What the exercise asks:
Looking at the records below, please say how many lines contain the word "font", as a bare number.

··· Record excerpts ···

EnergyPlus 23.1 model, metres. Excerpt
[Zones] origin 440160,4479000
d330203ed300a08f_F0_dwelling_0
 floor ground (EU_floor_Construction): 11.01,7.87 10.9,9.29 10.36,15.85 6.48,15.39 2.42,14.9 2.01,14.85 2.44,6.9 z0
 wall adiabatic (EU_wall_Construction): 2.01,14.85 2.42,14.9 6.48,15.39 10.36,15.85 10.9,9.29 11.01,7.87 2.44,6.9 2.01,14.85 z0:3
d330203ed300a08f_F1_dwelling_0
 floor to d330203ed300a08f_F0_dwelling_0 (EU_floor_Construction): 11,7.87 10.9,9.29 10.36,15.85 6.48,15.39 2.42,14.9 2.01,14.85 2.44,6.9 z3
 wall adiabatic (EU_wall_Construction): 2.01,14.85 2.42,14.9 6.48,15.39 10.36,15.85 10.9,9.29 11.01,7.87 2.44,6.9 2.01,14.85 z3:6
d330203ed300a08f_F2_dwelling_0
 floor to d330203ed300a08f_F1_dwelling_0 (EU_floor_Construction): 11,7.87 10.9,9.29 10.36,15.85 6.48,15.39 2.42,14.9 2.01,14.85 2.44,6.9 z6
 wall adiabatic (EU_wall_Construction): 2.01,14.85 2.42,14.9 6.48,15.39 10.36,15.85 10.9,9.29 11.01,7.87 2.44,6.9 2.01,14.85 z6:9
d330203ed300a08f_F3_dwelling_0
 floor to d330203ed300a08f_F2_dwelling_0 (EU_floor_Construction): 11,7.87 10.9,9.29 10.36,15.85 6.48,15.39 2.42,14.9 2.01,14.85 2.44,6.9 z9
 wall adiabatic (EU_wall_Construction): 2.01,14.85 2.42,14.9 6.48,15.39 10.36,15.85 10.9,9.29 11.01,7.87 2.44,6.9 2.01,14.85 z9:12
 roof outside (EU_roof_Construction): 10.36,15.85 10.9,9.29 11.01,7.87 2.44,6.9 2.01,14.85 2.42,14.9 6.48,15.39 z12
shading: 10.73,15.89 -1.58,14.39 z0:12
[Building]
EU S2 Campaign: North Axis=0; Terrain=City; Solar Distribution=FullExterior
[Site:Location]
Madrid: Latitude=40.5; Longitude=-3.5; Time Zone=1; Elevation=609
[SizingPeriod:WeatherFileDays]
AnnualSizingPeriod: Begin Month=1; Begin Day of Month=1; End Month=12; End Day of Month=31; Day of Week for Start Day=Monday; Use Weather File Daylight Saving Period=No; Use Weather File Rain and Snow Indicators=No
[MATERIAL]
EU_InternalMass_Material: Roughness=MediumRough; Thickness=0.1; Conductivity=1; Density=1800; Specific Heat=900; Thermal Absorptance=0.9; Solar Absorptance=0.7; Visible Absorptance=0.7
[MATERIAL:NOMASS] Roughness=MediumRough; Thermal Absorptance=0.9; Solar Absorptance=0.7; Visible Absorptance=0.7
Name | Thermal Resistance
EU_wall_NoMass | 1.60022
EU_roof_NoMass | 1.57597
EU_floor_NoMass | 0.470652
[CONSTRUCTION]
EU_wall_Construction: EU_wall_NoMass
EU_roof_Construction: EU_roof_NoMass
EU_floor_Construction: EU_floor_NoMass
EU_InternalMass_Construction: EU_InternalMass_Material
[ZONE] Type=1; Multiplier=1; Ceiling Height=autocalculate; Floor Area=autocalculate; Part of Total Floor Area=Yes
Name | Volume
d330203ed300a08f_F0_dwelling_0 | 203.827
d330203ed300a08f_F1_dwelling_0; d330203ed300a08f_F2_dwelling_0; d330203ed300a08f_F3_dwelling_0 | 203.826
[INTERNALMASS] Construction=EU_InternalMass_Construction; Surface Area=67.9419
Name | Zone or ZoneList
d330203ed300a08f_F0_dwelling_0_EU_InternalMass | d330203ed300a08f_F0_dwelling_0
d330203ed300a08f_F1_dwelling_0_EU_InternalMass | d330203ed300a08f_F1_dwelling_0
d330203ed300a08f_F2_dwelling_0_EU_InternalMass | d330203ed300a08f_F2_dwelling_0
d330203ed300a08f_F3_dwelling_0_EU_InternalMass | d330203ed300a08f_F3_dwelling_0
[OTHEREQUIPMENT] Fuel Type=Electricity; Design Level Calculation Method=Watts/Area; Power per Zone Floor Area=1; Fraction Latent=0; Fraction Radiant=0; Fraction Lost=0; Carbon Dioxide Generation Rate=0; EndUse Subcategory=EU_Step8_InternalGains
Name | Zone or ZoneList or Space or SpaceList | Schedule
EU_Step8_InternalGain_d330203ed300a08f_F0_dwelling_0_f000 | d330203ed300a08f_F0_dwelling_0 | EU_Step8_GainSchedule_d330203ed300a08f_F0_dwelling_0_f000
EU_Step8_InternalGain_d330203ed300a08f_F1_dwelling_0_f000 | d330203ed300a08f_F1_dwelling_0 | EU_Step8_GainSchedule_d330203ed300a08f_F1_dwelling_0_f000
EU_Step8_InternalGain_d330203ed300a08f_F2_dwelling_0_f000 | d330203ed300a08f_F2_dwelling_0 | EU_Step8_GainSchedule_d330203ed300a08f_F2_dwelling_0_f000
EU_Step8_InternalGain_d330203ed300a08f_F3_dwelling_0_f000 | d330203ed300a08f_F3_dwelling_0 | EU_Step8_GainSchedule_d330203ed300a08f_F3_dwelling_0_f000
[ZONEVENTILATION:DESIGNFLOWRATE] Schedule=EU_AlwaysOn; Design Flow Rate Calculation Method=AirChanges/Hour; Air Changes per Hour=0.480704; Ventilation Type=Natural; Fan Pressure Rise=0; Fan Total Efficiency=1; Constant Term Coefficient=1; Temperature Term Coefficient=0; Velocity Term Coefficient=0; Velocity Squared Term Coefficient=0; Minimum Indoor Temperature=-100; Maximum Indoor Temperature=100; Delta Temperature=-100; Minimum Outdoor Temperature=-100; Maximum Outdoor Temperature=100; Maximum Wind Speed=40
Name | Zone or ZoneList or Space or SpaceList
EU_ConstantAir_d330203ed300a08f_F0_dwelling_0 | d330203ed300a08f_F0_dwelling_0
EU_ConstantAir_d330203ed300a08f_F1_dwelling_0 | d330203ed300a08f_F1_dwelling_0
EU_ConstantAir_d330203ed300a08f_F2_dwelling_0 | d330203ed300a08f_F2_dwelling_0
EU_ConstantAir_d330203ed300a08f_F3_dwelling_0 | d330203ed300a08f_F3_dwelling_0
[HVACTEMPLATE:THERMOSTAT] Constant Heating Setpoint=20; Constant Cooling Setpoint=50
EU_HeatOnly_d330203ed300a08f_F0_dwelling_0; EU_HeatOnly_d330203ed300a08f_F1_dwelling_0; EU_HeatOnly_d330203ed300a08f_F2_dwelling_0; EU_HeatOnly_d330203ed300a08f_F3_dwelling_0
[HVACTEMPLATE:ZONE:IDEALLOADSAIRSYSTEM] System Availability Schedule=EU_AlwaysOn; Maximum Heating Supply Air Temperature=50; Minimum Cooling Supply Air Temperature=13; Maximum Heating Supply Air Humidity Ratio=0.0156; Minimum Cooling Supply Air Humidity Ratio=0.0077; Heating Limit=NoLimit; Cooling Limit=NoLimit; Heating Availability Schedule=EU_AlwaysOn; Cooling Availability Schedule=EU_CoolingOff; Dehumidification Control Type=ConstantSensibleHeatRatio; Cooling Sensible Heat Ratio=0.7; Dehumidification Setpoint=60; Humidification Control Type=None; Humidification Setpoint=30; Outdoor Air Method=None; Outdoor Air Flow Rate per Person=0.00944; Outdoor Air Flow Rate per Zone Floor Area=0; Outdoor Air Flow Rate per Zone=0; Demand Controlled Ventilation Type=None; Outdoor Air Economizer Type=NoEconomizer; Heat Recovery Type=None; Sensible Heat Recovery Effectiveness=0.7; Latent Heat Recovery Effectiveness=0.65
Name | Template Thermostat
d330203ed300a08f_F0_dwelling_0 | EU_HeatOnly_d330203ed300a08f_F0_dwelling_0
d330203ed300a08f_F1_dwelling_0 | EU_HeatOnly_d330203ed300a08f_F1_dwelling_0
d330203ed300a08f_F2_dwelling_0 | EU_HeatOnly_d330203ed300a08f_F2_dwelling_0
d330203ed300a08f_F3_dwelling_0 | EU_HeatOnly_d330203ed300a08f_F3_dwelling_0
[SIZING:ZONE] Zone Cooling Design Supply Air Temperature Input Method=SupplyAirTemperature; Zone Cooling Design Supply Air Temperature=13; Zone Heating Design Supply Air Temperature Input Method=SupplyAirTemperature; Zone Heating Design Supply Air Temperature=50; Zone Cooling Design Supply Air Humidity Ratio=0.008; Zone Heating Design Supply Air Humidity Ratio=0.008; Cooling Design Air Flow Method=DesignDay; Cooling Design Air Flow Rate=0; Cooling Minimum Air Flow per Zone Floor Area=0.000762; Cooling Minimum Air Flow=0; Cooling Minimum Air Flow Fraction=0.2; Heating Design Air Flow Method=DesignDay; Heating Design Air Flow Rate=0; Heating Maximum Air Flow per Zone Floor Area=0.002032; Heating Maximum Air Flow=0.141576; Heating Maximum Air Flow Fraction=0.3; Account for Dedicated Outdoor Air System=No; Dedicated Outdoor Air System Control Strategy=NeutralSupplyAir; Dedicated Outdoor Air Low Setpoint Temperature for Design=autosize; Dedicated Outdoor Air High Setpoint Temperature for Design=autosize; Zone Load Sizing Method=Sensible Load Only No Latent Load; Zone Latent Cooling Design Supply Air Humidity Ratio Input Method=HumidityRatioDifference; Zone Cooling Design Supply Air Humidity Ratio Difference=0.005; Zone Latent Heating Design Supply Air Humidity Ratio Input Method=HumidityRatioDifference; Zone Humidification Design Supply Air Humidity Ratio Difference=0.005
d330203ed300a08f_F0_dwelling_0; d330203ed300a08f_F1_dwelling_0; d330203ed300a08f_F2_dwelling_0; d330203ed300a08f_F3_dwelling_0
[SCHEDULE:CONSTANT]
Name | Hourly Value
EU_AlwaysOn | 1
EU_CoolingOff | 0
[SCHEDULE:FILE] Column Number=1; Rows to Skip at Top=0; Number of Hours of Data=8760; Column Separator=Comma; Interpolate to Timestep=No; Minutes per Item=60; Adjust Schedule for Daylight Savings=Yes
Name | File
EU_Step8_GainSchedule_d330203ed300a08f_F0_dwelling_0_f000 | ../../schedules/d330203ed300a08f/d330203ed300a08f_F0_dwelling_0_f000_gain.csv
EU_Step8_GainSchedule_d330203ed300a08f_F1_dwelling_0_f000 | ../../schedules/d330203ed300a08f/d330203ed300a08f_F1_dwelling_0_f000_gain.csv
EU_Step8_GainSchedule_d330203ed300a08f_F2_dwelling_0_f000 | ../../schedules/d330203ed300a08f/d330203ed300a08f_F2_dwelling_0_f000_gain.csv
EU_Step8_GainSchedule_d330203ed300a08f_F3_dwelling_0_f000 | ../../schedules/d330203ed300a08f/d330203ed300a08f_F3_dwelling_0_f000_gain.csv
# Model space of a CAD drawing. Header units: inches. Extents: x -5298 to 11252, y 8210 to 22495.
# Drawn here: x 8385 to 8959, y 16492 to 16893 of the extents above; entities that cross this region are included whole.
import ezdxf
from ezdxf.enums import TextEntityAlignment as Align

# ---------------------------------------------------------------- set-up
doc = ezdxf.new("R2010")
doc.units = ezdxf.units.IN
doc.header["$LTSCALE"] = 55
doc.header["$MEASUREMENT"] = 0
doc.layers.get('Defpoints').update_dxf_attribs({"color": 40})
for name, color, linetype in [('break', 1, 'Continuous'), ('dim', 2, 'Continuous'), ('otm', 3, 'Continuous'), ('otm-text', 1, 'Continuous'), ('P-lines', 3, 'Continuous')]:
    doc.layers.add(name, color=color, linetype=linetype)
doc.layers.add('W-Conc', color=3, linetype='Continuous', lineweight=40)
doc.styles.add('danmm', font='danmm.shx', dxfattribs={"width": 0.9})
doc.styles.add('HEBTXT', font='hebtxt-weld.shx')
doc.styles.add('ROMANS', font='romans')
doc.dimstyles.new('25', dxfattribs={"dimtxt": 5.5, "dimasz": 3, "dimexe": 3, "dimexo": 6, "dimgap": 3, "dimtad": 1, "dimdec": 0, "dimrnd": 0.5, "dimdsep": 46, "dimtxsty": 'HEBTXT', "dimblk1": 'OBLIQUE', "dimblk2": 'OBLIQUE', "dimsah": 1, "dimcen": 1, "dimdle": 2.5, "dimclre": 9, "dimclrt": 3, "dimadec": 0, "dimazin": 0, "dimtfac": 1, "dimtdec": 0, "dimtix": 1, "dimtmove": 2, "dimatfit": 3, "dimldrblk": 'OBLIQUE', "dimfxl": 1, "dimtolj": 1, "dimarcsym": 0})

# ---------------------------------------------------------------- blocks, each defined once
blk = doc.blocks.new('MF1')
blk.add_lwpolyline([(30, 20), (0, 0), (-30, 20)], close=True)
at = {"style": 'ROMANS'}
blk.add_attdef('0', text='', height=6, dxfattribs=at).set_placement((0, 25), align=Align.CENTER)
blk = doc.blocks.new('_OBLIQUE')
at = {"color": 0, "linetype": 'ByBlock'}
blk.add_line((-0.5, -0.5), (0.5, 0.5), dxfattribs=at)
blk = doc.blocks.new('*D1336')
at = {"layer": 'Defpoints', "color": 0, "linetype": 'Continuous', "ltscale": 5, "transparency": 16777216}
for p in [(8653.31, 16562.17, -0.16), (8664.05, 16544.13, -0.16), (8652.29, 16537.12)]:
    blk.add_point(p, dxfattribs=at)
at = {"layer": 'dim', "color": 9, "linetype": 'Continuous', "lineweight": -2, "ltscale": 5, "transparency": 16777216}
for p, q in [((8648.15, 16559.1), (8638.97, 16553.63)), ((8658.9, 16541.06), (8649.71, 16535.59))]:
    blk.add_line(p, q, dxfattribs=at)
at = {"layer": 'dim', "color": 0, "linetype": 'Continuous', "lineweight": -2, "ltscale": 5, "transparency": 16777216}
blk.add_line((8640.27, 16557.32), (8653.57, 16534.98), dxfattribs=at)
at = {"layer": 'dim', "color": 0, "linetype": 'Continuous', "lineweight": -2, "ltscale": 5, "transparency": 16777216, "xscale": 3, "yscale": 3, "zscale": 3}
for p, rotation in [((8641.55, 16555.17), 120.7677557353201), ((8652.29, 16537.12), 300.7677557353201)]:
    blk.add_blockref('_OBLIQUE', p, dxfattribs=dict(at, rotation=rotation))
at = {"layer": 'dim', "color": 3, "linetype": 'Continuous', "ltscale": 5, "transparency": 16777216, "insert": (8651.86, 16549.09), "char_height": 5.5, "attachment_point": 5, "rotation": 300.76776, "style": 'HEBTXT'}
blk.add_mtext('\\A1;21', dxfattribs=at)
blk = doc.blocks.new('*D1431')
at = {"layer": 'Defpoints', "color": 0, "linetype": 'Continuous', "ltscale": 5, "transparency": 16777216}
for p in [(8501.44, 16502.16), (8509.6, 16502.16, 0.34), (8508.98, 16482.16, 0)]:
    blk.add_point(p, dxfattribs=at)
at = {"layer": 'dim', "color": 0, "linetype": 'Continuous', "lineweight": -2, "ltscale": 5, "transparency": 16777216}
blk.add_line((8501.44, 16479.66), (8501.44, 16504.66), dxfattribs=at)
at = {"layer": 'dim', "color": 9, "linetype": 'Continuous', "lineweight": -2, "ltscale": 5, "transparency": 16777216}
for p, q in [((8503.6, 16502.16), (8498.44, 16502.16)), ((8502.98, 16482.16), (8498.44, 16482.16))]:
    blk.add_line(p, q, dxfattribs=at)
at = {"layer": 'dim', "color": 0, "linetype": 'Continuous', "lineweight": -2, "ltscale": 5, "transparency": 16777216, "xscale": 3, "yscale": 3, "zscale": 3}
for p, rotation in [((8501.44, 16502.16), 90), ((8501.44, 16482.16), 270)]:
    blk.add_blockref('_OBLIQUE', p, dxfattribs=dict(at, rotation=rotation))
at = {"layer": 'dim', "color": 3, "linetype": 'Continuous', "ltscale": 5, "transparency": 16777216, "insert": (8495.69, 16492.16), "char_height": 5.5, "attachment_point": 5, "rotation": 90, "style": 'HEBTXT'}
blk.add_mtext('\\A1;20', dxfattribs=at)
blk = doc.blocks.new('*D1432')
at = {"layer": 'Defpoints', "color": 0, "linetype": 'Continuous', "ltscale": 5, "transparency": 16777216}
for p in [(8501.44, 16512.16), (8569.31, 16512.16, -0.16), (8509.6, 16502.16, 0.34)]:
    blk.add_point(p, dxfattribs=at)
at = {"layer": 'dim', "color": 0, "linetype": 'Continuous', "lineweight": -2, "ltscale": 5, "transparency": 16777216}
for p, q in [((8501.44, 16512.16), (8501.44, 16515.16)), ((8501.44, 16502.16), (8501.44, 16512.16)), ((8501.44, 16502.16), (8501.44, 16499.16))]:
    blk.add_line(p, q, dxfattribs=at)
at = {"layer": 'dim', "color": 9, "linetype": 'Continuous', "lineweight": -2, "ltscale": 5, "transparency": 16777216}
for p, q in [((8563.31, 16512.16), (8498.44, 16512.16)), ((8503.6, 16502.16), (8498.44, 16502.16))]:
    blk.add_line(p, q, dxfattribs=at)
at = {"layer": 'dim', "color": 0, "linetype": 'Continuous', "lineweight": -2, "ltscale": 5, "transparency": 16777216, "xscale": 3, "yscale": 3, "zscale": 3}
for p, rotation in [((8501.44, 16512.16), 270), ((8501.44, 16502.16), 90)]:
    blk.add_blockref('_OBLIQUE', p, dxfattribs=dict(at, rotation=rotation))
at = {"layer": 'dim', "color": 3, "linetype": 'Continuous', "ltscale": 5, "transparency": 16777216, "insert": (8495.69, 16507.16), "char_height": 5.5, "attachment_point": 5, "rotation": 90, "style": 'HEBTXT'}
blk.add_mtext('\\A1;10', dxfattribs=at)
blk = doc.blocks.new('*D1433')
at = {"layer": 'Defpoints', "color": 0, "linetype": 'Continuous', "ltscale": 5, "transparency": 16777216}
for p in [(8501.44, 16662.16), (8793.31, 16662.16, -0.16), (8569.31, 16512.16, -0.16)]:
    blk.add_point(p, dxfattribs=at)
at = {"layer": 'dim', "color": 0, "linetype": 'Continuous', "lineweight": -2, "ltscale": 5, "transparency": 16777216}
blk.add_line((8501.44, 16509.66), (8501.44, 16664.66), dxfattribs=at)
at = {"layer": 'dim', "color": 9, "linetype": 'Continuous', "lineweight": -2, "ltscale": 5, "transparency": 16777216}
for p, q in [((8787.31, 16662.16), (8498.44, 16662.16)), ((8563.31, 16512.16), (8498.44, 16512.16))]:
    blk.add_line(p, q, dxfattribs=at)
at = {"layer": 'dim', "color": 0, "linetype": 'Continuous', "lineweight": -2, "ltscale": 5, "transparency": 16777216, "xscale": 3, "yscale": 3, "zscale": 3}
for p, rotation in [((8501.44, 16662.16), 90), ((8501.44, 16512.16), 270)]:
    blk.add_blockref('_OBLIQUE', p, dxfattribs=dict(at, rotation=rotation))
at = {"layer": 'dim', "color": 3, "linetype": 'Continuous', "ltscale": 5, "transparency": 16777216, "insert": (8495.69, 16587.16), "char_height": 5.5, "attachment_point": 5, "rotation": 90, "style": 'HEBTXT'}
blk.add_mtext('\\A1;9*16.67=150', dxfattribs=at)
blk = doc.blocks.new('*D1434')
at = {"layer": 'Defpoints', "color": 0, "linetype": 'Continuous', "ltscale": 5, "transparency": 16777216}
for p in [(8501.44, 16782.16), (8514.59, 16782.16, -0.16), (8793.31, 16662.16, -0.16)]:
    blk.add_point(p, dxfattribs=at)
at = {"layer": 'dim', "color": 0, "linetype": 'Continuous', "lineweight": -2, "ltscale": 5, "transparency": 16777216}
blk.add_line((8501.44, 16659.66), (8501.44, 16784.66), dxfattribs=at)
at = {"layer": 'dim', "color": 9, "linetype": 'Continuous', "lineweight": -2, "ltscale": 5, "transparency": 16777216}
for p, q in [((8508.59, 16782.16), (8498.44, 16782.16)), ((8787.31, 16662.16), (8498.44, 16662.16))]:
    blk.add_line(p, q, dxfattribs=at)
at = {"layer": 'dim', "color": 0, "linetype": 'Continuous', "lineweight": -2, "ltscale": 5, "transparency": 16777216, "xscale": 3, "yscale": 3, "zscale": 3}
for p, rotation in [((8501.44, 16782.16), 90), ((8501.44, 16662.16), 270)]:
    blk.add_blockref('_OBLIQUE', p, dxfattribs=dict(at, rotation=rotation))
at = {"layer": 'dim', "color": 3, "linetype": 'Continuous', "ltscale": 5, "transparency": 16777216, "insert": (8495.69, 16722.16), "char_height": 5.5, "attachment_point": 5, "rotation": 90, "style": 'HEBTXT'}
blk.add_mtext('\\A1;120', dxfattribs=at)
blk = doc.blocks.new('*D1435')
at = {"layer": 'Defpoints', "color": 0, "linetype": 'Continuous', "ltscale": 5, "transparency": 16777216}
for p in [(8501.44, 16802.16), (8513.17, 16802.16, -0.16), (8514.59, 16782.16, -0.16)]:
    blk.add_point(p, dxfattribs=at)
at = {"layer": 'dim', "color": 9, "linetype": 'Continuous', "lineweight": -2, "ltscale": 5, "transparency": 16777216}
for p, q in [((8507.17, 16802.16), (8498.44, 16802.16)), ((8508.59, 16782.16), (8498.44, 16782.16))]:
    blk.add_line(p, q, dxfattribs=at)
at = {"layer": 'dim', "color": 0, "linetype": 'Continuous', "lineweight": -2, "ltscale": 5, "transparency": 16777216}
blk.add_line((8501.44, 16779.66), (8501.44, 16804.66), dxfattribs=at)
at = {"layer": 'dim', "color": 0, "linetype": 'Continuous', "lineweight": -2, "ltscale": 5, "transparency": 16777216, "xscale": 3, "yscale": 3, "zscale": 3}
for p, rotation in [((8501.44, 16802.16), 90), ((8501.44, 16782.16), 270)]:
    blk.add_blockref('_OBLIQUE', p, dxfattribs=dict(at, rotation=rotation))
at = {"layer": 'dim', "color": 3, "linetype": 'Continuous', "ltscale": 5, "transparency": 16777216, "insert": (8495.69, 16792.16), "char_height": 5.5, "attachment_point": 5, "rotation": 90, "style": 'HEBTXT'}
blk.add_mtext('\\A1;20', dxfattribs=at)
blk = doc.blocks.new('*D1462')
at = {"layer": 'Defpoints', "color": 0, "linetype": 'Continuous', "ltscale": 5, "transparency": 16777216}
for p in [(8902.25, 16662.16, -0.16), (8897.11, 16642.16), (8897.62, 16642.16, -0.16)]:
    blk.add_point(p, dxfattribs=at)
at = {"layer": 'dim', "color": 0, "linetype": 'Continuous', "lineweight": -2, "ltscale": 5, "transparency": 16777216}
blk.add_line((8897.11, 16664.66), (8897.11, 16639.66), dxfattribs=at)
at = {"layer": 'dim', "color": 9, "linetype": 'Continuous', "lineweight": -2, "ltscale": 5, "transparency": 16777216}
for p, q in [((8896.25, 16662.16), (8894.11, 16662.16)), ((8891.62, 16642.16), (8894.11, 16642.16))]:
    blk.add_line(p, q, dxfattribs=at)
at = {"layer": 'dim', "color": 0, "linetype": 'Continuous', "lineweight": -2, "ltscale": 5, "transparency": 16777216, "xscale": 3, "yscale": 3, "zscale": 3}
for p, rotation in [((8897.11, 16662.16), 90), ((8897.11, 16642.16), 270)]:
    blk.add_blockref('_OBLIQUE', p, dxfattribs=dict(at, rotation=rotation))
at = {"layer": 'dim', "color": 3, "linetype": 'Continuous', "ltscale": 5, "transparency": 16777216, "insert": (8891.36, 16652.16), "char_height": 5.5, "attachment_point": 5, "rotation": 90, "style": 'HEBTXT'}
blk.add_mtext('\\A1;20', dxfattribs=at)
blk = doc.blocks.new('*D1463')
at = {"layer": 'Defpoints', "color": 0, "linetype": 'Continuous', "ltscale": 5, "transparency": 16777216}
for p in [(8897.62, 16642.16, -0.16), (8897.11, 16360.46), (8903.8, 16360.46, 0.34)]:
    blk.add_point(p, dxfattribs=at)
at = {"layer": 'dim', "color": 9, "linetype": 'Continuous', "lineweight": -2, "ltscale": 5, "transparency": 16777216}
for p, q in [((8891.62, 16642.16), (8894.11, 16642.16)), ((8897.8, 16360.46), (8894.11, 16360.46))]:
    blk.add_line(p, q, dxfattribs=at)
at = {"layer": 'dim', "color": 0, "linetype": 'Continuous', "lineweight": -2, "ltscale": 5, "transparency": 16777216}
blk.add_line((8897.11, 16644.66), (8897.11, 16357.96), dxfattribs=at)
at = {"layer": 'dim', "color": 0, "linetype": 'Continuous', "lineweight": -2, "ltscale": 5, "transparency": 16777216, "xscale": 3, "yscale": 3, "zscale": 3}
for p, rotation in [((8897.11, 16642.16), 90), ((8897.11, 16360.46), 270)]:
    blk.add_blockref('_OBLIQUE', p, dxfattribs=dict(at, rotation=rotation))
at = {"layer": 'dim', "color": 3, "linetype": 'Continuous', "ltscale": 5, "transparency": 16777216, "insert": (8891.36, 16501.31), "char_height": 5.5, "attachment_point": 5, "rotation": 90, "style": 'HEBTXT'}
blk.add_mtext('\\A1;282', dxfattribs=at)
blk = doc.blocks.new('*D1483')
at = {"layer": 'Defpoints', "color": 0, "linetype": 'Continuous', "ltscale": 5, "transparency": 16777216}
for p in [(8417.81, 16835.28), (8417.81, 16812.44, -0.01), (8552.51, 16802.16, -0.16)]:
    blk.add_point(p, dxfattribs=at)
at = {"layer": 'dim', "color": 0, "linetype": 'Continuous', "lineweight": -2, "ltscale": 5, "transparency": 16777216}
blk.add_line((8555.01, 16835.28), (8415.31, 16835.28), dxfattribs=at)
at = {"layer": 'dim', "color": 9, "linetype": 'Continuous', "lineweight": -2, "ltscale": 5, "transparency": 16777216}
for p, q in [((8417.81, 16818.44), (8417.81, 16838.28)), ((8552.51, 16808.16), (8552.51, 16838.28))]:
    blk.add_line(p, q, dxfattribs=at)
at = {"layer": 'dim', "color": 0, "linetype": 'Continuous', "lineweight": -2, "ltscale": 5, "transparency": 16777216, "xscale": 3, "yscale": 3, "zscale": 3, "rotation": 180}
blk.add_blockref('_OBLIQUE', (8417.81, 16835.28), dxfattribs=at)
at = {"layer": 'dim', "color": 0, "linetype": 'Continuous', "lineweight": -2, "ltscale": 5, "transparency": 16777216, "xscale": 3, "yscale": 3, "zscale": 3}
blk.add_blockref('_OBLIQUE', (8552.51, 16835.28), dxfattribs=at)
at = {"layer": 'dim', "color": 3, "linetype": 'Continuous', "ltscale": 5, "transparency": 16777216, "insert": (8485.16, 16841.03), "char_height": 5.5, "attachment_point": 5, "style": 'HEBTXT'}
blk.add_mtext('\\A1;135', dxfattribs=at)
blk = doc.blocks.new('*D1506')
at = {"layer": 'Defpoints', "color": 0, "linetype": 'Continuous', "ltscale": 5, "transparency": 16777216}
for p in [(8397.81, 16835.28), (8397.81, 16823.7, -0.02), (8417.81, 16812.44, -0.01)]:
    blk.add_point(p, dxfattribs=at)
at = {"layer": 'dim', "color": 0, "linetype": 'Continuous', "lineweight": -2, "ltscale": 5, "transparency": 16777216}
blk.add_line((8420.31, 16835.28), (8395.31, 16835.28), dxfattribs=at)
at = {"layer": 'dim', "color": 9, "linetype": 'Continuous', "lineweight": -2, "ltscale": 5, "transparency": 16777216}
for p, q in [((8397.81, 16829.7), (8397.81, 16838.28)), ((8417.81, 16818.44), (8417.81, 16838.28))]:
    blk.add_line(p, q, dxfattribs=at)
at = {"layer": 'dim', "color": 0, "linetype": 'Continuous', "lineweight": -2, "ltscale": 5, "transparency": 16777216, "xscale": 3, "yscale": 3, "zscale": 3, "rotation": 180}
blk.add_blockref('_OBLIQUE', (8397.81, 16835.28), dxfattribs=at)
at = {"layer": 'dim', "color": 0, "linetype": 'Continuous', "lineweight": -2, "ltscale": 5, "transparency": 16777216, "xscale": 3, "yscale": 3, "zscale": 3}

···

Solution to this problem:
3